594 So.2d at 193-94.

• The court in Starks then addressed the State’s argument, made in reliance on Bui v. State 551 So.2d 1094 (Ala.Crim.App.1988), that the trial court’s error was cured by a later instruction concerning the definition of “intentional murder.” The court concluded that the charge defining “intentional murder” did not cure the earlier error because it did not adequately address the element of intent required to prove capital murder. Similarly, the trial court’s later instruction in this present case — that to recommend the death penalty the jury must find that the aggravating circumstances outweigh the mitigating circumstances — did not adequately address the earlier error concerning when a jury could recommend a sentence of life without parole.

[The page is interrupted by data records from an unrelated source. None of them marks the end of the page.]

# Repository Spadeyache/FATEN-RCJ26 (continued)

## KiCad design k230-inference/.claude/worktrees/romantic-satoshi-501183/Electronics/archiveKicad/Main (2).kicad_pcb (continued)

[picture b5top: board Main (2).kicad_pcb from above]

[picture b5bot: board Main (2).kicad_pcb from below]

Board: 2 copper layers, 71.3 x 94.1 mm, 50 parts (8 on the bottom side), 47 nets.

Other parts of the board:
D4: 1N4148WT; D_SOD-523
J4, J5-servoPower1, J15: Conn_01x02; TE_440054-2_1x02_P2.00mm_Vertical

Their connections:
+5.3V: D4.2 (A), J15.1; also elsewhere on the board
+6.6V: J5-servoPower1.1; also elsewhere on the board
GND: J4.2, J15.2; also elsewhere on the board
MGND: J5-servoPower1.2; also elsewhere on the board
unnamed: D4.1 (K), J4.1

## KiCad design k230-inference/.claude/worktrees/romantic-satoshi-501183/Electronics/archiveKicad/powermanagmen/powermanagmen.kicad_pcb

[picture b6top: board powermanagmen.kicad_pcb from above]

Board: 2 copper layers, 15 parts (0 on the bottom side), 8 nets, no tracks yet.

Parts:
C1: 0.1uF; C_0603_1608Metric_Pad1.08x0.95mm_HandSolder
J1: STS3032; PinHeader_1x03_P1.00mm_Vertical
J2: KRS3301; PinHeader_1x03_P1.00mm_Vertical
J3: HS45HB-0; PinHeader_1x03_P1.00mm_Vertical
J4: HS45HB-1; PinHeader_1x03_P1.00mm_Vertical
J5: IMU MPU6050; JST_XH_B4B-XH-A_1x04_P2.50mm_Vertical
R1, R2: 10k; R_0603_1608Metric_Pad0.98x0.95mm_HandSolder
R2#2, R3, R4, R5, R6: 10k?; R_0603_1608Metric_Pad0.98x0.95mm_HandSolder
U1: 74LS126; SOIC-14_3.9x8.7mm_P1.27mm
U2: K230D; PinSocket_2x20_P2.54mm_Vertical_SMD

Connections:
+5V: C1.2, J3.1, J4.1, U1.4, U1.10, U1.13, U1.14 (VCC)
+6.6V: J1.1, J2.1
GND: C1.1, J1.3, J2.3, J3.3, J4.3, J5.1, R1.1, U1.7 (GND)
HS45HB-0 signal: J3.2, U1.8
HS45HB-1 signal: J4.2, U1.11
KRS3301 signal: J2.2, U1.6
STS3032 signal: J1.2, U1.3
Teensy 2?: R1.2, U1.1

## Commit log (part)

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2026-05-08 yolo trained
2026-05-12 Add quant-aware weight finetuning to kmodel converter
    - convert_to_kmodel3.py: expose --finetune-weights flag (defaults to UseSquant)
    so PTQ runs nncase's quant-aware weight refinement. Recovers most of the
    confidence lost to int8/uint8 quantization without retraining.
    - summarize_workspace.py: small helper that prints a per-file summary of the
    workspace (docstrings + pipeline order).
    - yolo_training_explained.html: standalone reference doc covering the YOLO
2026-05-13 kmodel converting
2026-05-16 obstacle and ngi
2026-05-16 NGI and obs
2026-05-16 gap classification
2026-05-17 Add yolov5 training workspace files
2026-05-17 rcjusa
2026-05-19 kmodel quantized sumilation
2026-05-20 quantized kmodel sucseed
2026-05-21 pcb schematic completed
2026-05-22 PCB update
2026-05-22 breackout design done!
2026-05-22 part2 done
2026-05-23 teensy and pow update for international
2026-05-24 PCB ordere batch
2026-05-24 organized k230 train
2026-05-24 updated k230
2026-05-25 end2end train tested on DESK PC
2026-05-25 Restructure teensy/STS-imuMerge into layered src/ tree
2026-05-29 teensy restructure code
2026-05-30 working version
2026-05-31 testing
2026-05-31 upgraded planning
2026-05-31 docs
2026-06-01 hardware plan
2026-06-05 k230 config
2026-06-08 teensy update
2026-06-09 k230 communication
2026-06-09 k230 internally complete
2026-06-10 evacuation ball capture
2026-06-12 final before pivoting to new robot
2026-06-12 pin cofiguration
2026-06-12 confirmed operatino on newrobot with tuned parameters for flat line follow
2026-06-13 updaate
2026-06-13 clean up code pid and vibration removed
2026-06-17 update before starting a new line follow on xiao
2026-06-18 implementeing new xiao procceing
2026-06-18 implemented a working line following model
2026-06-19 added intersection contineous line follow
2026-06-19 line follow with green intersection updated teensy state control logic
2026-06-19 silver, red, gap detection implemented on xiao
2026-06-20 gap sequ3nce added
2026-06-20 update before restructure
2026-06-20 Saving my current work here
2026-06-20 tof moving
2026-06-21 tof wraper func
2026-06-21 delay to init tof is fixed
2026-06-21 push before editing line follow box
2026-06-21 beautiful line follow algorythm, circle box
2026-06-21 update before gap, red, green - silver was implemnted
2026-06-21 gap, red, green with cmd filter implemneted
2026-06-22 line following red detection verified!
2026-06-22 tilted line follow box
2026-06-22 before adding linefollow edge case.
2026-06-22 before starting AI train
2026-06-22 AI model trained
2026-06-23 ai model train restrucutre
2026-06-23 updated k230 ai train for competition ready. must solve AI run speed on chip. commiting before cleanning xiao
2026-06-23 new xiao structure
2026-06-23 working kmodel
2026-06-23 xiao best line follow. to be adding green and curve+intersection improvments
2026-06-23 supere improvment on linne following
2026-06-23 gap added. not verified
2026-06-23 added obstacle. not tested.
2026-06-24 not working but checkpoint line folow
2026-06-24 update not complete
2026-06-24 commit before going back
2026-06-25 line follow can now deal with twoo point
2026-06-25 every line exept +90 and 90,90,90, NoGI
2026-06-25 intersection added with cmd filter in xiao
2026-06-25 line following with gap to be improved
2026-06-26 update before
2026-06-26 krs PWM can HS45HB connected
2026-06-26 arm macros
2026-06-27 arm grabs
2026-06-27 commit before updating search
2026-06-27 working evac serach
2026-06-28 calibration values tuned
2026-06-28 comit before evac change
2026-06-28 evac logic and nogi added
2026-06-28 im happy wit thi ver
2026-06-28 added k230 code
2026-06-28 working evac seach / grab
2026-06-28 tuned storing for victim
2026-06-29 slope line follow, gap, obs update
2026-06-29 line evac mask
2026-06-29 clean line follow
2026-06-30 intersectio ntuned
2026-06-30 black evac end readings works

The trial court’s curative instruction in this case did not specifically note and address the earlier error, and it did not explicitly correct that error. In addition to Starks, I would note Ex parte Hamilton, 396 So.2d 123 (Ala.1981)(hold-ing that a single curative charge was not sufficient to cure the error resulting from three separate misstatements of the quantum of evidence that the jury was to consider in reaching its verdict), and Reed v. State, 47 Ala.App. 617, 259 So.2d 304 (1972)(holding that a charge telling the jury that the defendant had the burden of explaining his lawful possession of allegedly stolen property was not cured by a general instruction telling the jury that the State had the burden of proving guilt beyond a reasonable doubt).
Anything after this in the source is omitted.